**Records shown:**
■ ■ ■ ■

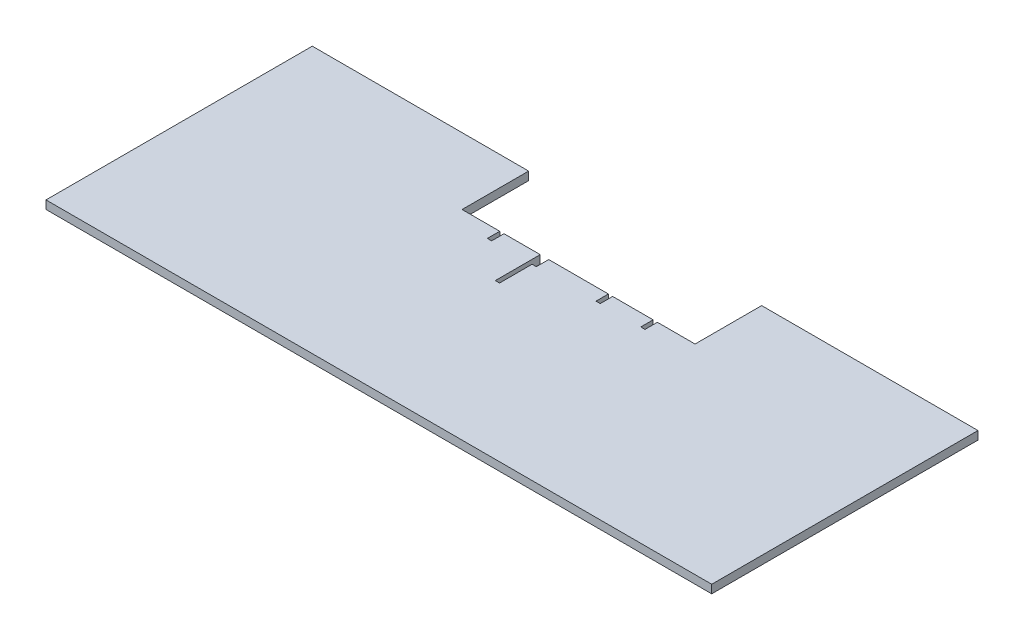
ISO-10303-21;
HEADER;
FILE_DESCRIPTION(('STEP AP214'),'2;1');
FILE_NAME('part.step','',(''),(''),'','','');
FILE_SCHEMA(('AUTOMOTIVE_DESIGN { 1 0 10303 214 1 1 1 1 }'));
ENDSEC;
DATA;
#1=APPLICATION_CONTEXT('core data for automotive mechanical design processes');
#2=APPLICATION_PROTOCOL_DEFINITION('international standard','automotive_design',2000,#1);
#3=PRODUCT_CONTEXT('',#1,'mechanical');
#4=PRODUCT('Part','Part','',(#3));
#5=PRODUCT_RELATED_PRODUCT_CATEGORY('part','',(#4));
#6=PRODUCT_DEFINITION_FORMATION('','',#4);
#7=PRODUCT_DEFINITION_CONTEXT('part definition',#1,'design');
#8=PRODUCT_DEFINITION('design','',#6,#7);
#9=PRODUCT_DEFINITION_SHAPE('','',#8);
#10=(LENGTH_UNIT() NAMED_UNIT(*) SI_UNIT(.MILLI.,.METRE.));
#11=(NAMED_UNIT(*) PLANE_ANGLE_UNIT() SI_UNIT($,.RADIAN.));
#12=(NAMED_UNIT(*) SI_UNIT($,.STERADIAN.) SOLID_ANGLE_UNIT());
#13=UNCERTAINTY_MEASURE_WITH_UNIT(LENGTH_MEASURE(1.E-05),#10,'distance_accuracy_value','');
#14=(GEOMETRIC_REPRESENTATION_CONTEXT(3) GLOBAL_UNCERTAINTY_ASSIGNED_CONTEXT((#13)) GLOBAL_UNIT_ASSIGNED_CONTEXT((#10,
#11,#12)) REPRESENTATION_CONTEXT('',''));
#15=CARTESIAN_POINT('',(0.,0.,0.));
#16=DIRECTION('',(0.,0.,1.));
#17=DIRECTION('',(1.,0.,0.));
#18=AXIS2_PLACEMENT_3D('',#15,#16,#17);
#19=CARTESIAN_POINT('',(82.55,3.175,-76.2));
#20=DIRECTION('',(0.,0.,1.));
#21=DIRECTION('',(1.,0.,0.));
#22=AXIS2_PLACEMENT_3D('',#19,#20,#21);
#23=PLANE('',#22);
#24=DIRECTION('',(-1.,0.,0.));
#25=VECTOR('',#24,1.);
#26=CARTESIAN_POINT('',(82.55,0.,-76.2));
#27=LINE('',#26,#25);
#28=CARTESIAN_POINT('',(171.45,0.,-76.2));
#29=VERTEX_POINT('',#28);
#30=CARTESIAN_POINT('',(157.070331057297,0.,-76.2));
#31=VERTEX_POINT('',#30);
#32=EDGE_CURVE('E221',#29,#31,#27,.T.);
#33=ORIENTED_EDGE('',*,*,#32,.T.);
#34=DIRECTION('',(0.,1.,0.));
#35=VECTOR('',#34,1.);
#36=CARTESIAN_POINT('',(157.070331057297,-0.00100000000000013,-76.2));
#37=LINE('',#36,#35);
#38=CARTESIAN_POINT('',(157.070331057297,3.175,-76.2));
#39=VERTEX_POINT('',#38);
#40=EDGE_CURVE('E202',#31,#39,#37,.T.);
#41=ORIENTED_EDGE('',*,*,#40,.T.);
#42=DIRECTION('',(-1.,0.,0.));
#43=VECTOR('',#42,1.);
#44=CARTESIAN_POINT('',(82.55,3.175,-76.2));
#45=LINE('',#44,#43);
#46=CARTESIAN_POINT('',(171.45,3.175,-76.2));
#47=VERTEX_POINT('',#46);
#48=EDGE_CURVE('E262',#47,#39,#45,.T.);
#49=ORIENTED_EDGE('',*,*,#48,.F.);
#50=DIRECTION('',(0.,-1.,0.));
#51=VECTOR('',#50,1.);
#52=CARTESIAN_POINT('',(171.45,3.175,-76.2));
#53=LINE('',#52,#51);
#54=EDGE_CURVE('E228',#47,#29,#53,.T.);
#55=ORIENTED_EDGE('',*,*,#54,.T.);
#56=EDGE_LOOP('',(#33,#41,#49,#55));
#57=FACE_BOUND('',#56,.T.);
#58=ADVANCED_FACE('F30',(#57),#23,.F.);
#59=CARTESIAN_POINT('',(155.444731057297,3.175,-76.2000000000002));
#60=VERTEX_POINT('',#59);
#61=CARTESIAN_POINT('',(140.003991611403,3.175,-76.2000000000001));
#62=VERTEX_POINT('',#61);
#63=EDGE_CURVE('E264',#60,#62,#45,.T.);
#64=ORIENTED_EDGE('',*,*,#63,.F.);
#65=DIRECTION('',(0.,1.,0.));
#66=VECTOR('',#65,1.);
#67=CARTESIAN_POINT('',(155.444731057297,-0.00100000000000013,-76.2000000000002));
#68=LINE('',#67,#66);
#69=CARTESIAN_POINT('',(155.444731057297,0.,-76.2));
#70=VERTEX_POINT('',#69);
#71=EDGE_CURVE('E372',#70,#60,#68,.T.);
#72=ORIENTED_EDGE('',*,*,#71,.F.);
#73=CARTESIAN_POINT('',(140.003991611403,0.,-76.2));
#74=VERTEX_POINT('',#73);
#75=EDGE_CURVE('E230',#70,#74,#27,.T.);
#76=ORIENTED_EDGE('',*,*,#75,.T.);
#77=DIRECTION('',(0.,1.,0.));
#78=VECTOR('',#77,1.);
#79=CARTESIAN_POINT('',(140.003991611403,-0.00100000000000013,-76.2000000000001));
#80=LINE('',#79,#78);
#81=EDGE_CURVE('E349',#74,#62,#80,.T.);
#82=ORIENTED_EDGE('',*,*,#81,.T.);
#83=EDGE_LOOP('',(#64,#72,#76,#82));
#84=FACE_BOUND('',#83,.T.);
#85=ADVANCED_FACE('F392',(#84),#23,.F.);
#86=CARTESIAN_POINT('',(138.378391611403,3.175,-76.2000000000001));
#87=VERTEX_POINT('',#86);
#88=CARTESIAN_POINT('',(115.621608388597,3.175,-76.2));
#89=VERTEX_POINT('',#88);
#90=EDGE_CURVE('E395',#87,#89,#45,.T.);
#91=ORIENTED_EDGE('',*,*,#90,.F.);
#92=DIRECTION('',(0.,1.,0.));
#93=VECTOR('',#92,1.);
#94=CARTESIAN_POINT('',(138.378391611403,-0.00100000000000013,-76.2000000000001));
#95=LINE('',#94,#93);
#96=CARTESIAN_POINT('',(138.378391611403,0.,-76.2));
#97=VERTEX_POINT('',#96);
#98=EDGE_CURVE('E350',#97,#87,#95,.T.);
#99=ORIENTED_EDGE('',*,*,#98,.F.);
#100=CARTESIAN_POINT('',(115.621608388597,0.,-76.2));
#101=VERTEX_POINT('',#100);
#102=EDGE_CURVE('E235',#97,#101,#27,.T.);
#103=ORIENTED_EDGE('',*,*,#102,.T.);
#104=DIRECTION('',(0.,1.,0.));
#105=VECTOR('',#104,1.);
#106=CARTESIAN_POINT('',(115.621608388597,-0.00100000000000013,-76.2));
#107=LINE('',#106,#105);
#108=EDGE_CURVE('E306',#101,#89,#107,.T.);
#109=ORIENTED_EDGE('',*,*,#108,.T.);
#110=EDGE_LOOP('',(#91,#99,#103,#109));
#111=FACE_BOUND('',#110,.T.);
#112=ADVANCED_FACE('F485',(#111),#23,.F.);
#113=CARTESIAN_POINT('',(96.9296689427032,3.175,-76.2));
#114=VERTEX_POINT('',#113);
#115=CARTESIAN_POINT('',(82.55,3.175,-76.2));
#116=VERTEX_POINT('',#115);
#117=EDGE_CURVE('E265',#114,#116,#45,.T.);
#118=ORIENTED_EDGE('',*,*,#117,.F.);
#119=DIRECTION('',(0.,1.,0.));
#120=VECTOR('',#119,1.);
#121=CARTESIAN_POINT('',(96.9296689427032,-0.00100000000000013,-76.2));
#122=LINE('',#121,#120);
#123=CARTESIAN_POINT('',(96.9296689427032,0.,-76.2));
#124=VERTEX_POINT('',#123);
#125=EDGE_CURVE('E279',#124,#114,#122,.T.);
#126=ORIENTED_EDGE('',*,*,#125,.F.);
#127=CARTESIAN_POINT('',(82.55,0.,-76.2));
#128=VERTEX_POINT('',#127);
#129=EDGE_CURVE('E232',#124,#128,#27,.T.);
#130=ORIENTED_EDGE('',*,*,#129,.T.);
#131=DIRECTION('',(0.,-1.,0.));
#132=VECTOR('',#131,1.);
#133=CARTESIAN_POINT('',(82.55,3.175,-76.2));
#134=LINE('',#133,#132);
#135=EDGE_CURVE('E408',#116,#128,#134,.T.);
#136=ORIENTED_EDGE('',*,*,#135,.F.);
#137=EDGE_LOOP('',(#118,#126,#130,#136));
#138=FACE_BOUND('',#137,.T.);
#139=ADVANCED_FACE('F409',(#138),#23,.F.);
#140=CARTESIAN_POINT('',(0.,3.175,0.));
#141=DIRECTION('',(1.,0.,0.));
#142=DIRECTION('',(0.,0.,-1.));
#143=AXIS2_PLACEMENT_3D('',#140,#141,#142);
#144=PLANE('',#143);
#145=DIRECTION('',(0.,0.,1.));
#146=VECTOR('',#145,1.);
#147=CARTESIAN_POINT('',(0.,0.,0.));
#148=LINE('',#147,#146);
#149=CARTESIAN_POINT('',(0.,0.,-101.6));
#150=VERTEX_POINT('',#149);
#151=CARTESIAN_POINT('',(0.,0.,0.));
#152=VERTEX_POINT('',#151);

■ ■ ■ ■

**Task brief:**
Within the data above, the span starting at the line containing "#3=PRODUCT_CONTEXT('',#1,'mechanical');" and ending at the line containing "#11=(NAMED_UNIT(*) PLANE_ANGLE_UNIT() SI_UNIT($,.RADIAN.));" is to be retyped exactly, with no other lines.

**Answer to the problem:**
#3=PRODUCT_CONTEXT('',#1,'mechanical');
#4=PRODUCT('Part','Part','',(#3));
#5=PRODUCT_RELATED_PRODUCT_CATEGORY('part','',(#4));
#6=PRODUCT_DEFINITION_FORMATION('','',#4);
#7=PRODUCT_DEFINITION_CONTEXT('part definition',#1,'design');
#8=PRODUCT_DEFINITION('design','',#6,#7);
#9=PRODUCT_DEFINITION_SHAPE('','',#8);
#10=(LENGTH_UNIT() NAMED_UNIT(*) SI_UNIT(.MILLI.,.METRE.));
#11=(NAMED_UNIT(*) PLANE_ANGLE_UNIT() SI_UNIT($,.RADIAN.));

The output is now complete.